(Information):

>>>

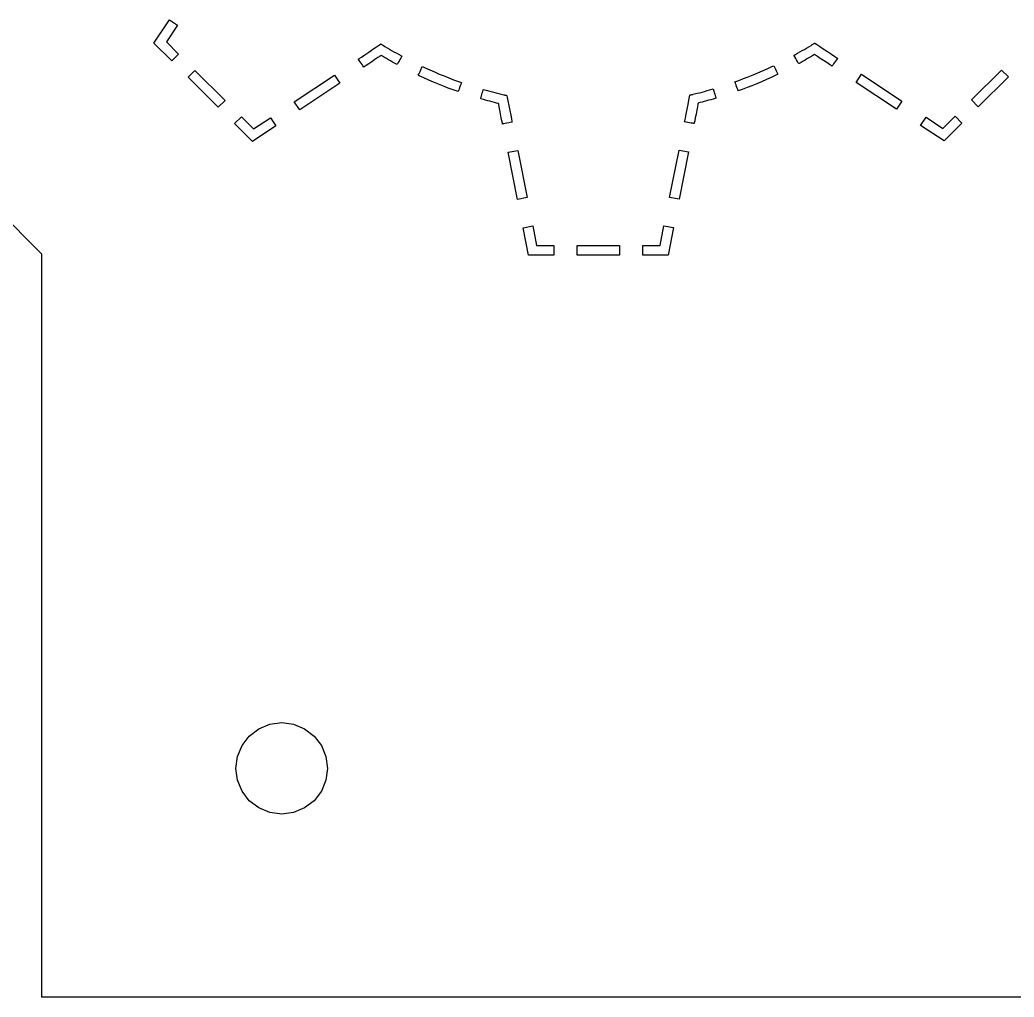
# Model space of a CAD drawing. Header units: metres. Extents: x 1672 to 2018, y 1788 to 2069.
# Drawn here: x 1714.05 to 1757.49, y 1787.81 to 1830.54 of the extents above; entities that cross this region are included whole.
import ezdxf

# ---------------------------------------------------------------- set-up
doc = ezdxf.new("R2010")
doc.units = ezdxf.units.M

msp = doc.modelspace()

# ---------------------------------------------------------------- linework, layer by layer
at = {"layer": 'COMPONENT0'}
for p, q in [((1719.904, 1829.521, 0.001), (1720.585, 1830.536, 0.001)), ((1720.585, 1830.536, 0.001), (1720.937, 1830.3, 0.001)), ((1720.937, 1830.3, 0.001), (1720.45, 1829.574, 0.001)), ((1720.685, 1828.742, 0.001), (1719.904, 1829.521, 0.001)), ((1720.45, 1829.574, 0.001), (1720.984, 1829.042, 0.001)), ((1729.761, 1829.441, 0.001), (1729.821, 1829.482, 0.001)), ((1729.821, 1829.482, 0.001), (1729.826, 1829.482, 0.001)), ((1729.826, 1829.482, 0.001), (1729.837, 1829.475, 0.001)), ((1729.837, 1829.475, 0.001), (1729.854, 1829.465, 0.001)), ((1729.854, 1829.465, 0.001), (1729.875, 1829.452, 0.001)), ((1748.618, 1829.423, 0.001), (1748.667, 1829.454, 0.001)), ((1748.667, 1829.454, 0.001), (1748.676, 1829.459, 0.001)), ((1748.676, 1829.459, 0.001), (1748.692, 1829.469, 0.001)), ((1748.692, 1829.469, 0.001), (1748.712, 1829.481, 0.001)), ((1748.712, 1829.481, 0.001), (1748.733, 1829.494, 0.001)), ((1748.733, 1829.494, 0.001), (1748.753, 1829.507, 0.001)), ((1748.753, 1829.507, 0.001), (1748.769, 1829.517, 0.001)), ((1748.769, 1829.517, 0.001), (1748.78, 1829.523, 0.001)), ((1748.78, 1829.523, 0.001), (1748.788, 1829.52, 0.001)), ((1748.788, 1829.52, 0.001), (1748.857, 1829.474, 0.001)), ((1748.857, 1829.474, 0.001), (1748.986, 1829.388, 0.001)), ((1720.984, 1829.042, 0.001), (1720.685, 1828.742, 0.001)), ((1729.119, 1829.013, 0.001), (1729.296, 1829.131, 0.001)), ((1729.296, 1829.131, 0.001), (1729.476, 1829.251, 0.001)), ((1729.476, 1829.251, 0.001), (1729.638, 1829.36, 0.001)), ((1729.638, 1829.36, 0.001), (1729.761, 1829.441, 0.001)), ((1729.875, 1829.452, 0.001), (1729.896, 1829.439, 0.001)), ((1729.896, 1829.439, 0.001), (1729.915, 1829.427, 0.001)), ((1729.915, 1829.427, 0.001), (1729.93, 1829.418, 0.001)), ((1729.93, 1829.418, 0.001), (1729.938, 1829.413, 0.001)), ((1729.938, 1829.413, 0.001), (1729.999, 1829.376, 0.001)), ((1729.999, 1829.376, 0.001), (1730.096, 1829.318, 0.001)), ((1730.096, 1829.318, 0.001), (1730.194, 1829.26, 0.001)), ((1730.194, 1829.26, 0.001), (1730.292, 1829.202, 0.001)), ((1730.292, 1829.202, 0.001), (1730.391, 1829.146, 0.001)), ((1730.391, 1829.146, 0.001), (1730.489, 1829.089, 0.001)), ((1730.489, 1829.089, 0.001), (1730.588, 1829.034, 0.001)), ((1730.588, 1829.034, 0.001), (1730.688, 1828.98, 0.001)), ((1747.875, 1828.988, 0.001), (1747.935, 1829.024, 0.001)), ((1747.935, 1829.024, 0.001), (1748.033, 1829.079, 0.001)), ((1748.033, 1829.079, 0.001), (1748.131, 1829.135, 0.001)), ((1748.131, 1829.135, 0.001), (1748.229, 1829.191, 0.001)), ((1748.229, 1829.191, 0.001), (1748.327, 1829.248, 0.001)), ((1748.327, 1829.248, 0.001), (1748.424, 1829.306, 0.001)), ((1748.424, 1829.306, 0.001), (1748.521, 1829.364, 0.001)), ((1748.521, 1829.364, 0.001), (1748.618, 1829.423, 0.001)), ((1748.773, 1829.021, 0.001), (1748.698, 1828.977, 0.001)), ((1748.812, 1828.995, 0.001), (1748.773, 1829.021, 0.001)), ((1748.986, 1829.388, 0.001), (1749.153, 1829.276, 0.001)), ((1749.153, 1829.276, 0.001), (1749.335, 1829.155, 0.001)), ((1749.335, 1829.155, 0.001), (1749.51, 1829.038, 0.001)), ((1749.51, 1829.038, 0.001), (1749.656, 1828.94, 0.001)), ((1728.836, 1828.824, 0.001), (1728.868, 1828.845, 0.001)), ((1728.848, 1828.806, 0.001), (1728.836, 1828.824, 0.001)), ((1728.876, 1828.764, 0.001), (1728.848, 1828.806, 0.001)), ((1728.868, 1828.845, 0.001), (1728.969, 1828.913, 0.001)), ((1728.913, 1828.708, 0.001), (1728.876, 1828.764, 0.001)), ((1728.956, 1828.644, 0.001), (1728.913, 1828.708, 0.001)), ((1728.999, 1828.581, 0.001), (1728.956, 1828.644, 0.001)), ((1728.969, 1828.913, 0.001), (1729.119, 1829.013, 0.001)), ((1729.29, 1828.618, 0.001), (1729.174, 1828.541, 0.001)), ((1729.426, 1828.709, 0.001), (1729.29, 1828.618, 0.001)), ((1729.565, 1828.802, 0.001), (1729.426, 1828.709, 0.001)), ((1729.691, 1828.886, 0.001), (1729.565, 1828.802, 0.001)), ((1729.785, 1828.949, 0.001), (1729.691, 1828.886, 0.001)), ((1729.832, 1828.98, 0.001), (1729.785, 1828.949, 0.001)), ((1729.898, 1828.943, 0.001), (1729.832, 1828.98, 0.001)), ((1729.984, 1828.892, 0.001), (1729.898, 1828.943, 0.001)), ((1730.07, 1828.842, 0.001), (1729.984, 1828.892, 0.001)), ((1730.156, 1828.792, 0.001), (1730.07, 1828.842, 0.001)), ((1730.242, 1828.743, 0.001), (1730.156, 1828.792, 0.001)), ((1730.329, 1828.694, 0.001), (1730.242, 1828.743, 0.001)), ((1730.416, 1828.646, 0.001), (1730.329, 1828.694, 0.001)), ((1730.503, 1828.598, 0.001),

<<<

(Problem): Every line in the records above with the string "units" in it should be shown.

(Reply):
# Model space of a CAD drawing. Header units: metres. Extents: x 1672 to 2018, y 1788 to 2069.
doc.units = ezdxf.units.M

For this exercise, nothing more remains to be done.